## [WHAT YOU ARE ASKED TO DO]
Could you restate every entry word for word, minus the pictures?

Data entries:
--- START ---
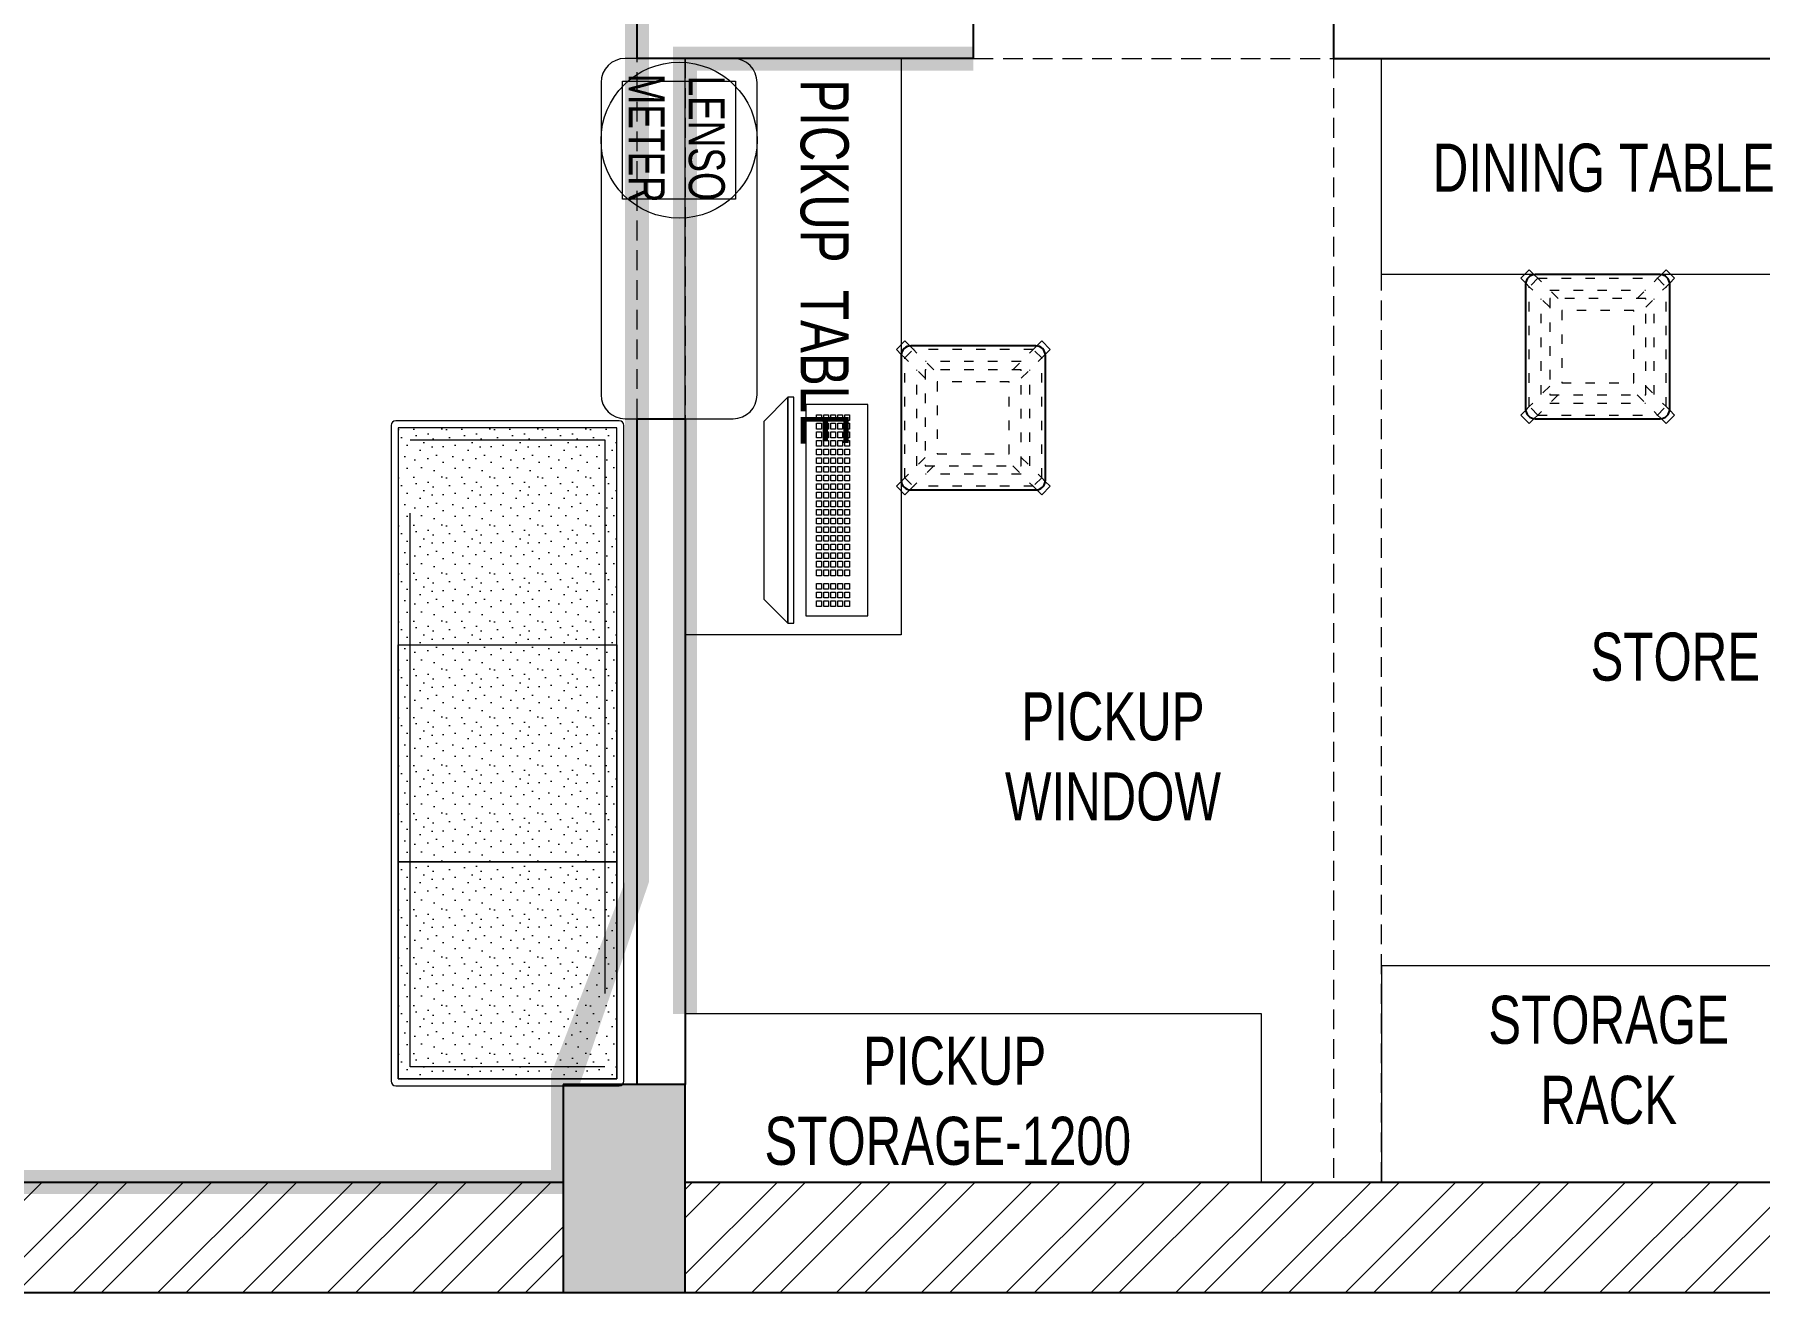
# Model space of a CAD drawing. Header units: feet. Extents: x 9376474 to 9395053, y -6862683 to -6856347.
# Drawn here: x 9385475 to 9389067, y -6861655 to -6859036 of the extents above; entities that cross this region are included whole.
import ezdxf

# ---------------------------------------------------------------- set-up
doc = ezdxf.new("R2010")
doc.units = ezdxf.units.FT
doc.header["$LTSCALE"] = 33
doc.header["$MEASUREMENT"] = 0
for name, pattern in [('a_p6_plan_L18$0$HIDDEN', [0.375, 0.25, -0.125]), ('ACAD_ISO03W100', [30, 12, -18]), ('HIDDEN2', [4.7624999999999975, 3.174999999999998, -1.587499999999999])]:
    doc.linetypes.add(name, pattern=pattern)
doc.layers.add('A-WALL', color=1, linetype='Continuous')
doc.layers.add('column', color=10, linetype='Continuous')
for name, color, linetype, lineweight in [('A-WALL HATCH', 251, 'Continuous', 5), ('column hatch', 5, 'Continuous', 0), ('LENS-CURTAIN', 5, 'a_p6_plan_L18$0$HIDDEN', 9), ('LENS-HATCH', 251, 'Continuous', 5), ('LENS-PARTITION', 21, 'Continuous', 25), ('LENS-TEXT', 31, 'Continuous', 5), ('LENS_DIMENSION', 193, 'Continuous', 0), ('LENS_TEXT', 31, 'Continuous', 5), ('LK-EQPMT', 3, 'Continuous', 18), ('LK-FF&E FLOOR', 1, 'Continuous', 9), ('LK-FF&E WALL', 1, 'Continuous', 9), ('LK-FLUTTED FINISH', 20, 'Continuous', 30), ('LK-IT', 3, 'Continuous', 18), ('LK-MIRROR', 133, 'Continuous', 13), ('LK-TILES FINISH', 251, 'Continuous', 5), ('LN-ELEVATION-1', 81, 'Continuous', 25), ('LN-ELEVATION-2', 103, 'Continuous', 20), ('LN-ELEVATION-3', 125, 'Continuous', 18), ('LN-ELEVATION-5', 167, 'Continuous', 5)]:
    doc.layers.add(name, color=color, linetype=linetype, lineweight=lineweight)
--- END ---
## [RESULT]
# Model space of a CAD drawing. Header units: feet. Extents: x 9376474 to 9395053, y -6862683 to -6856347.
# Drawn here: x 9385475 to 9389067, y -6861655 to -6859036 of the extents above; entities that cross this region are included whole.
import ezdxf

# ---------------------------------------------------------------- set-up
doc = ezdxf.new("R2010")
doc.units = ezdxf.units.FT
doc.header["$LTSCALE"] = 33
doc.header["$MEASUREMENT"] = 0
for name, pattern in [('a_p6_plan_L18$0$HIDDEN', [0.375, 0.25, -0.125]), ('ACAD_ISO03W100', [30, 12, -18]), ('HIDDEN2', [4.7624999999999975, 3.174999999999998, -1.587499999999999])]:
    doc.linetypes.add(name, pattern=pattern)
doc.layers.add('A-WALL', color=1, linetype='Continuous')
doc.layers.add('column', color=10, linetype='Continuous')
for name, color, linetype, lineweight in [('A-WALL HATCH', 251, 'Continuous', 5), ('column hatch', 5, 'Continuous', 0), ('LENS-CURTAIN', 5, 'a_p6_plan_L18$0$HIDDEN', 9), ('LENS-HATCH', 251, 'Continuous', 5), ('LENS-PARTITION', 21, 'Continuous', 25), ('LENS-TEXT', 31, 'Continuous', 5), ('LENS_DIMENSION', 193, 'Continuous', 0), ('LENS_TEXT', 31, 'Continuous', 5), ('LK-EQPMT', 3, 'Continuous', 18), ('LK-FF&E FLOOR', 1, 'Continuous', 9), ('LK-FF&E WALL', 1, 'Continuous', 9), ('LK-FLUTTED FINISH', 20, 'Continuous', 30), ('LK-IT', 3, 'Continuous', 18), ('LK-MIRROR', 133, 'Continuous', 13), ('LK-TILES FINISH', 251, 'Continuous', 5), ('LN-ELEVATION-1', 81, 'Continuous', 25), ('LN-ELEVATION-2', 103, 'Continuous', 20), ('LN-ELEVATION-3', 125, 'Continuous', 18), ('LN-ELEVATION-5', 167, 'Continuous', 5)]:
    doc.layers.add(name, color=color, linetype=linetype, lineweight=lineweight)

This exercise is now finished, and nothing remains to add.